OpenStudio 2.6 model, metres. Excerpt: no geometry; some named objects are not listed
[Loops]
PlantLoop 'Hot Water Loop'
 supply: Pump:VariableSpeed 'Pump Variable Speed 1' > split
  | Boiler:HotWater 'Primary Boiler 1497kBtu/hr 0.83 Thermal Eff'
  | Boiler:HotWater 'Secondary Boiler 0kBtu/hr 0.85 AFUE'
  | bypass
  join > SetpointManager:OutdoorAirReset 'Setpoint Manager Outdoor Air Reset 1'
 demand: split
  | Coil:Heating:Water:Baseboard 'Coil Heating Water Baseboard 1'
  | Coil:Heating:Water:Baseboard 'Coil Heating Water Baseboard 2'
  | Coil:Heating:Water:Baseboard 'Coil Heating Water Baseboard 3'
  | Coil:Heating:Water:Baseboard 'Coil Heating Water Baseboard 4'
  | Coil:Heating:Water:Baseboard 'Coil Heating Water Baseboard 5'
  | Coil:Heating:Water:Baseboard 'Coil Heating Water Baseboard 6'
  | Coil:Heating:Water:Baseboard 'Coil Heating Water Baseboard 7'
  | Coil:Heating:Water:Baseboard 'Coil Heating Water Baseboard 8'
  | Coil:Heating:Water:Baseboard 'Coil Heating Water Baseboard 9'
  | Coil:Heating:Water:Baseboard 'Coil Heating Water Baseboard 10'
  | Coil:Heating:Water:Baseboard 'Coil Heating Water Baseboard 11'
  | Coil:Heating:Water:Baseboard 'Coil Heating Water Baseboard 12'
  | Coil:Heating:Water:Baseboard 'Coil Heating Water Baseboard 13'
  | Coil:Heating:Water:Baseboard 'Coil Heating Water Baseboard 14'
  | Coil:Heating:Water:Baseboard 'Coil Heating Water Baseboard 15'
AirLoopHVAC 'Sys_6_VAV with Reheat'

------------------------------------------------------------------------

— What to work on —
Search the records for the word "Boiler" and copy out every line that holds it.

— Output below —
  | Boiler:HotWater 'Primary Boiler 1497kBtu/hr 0.83 Thermal Eff'
  | Boiler:HotWater 'Secondary Boiler 0kBtu/hr 0.85 AFUE'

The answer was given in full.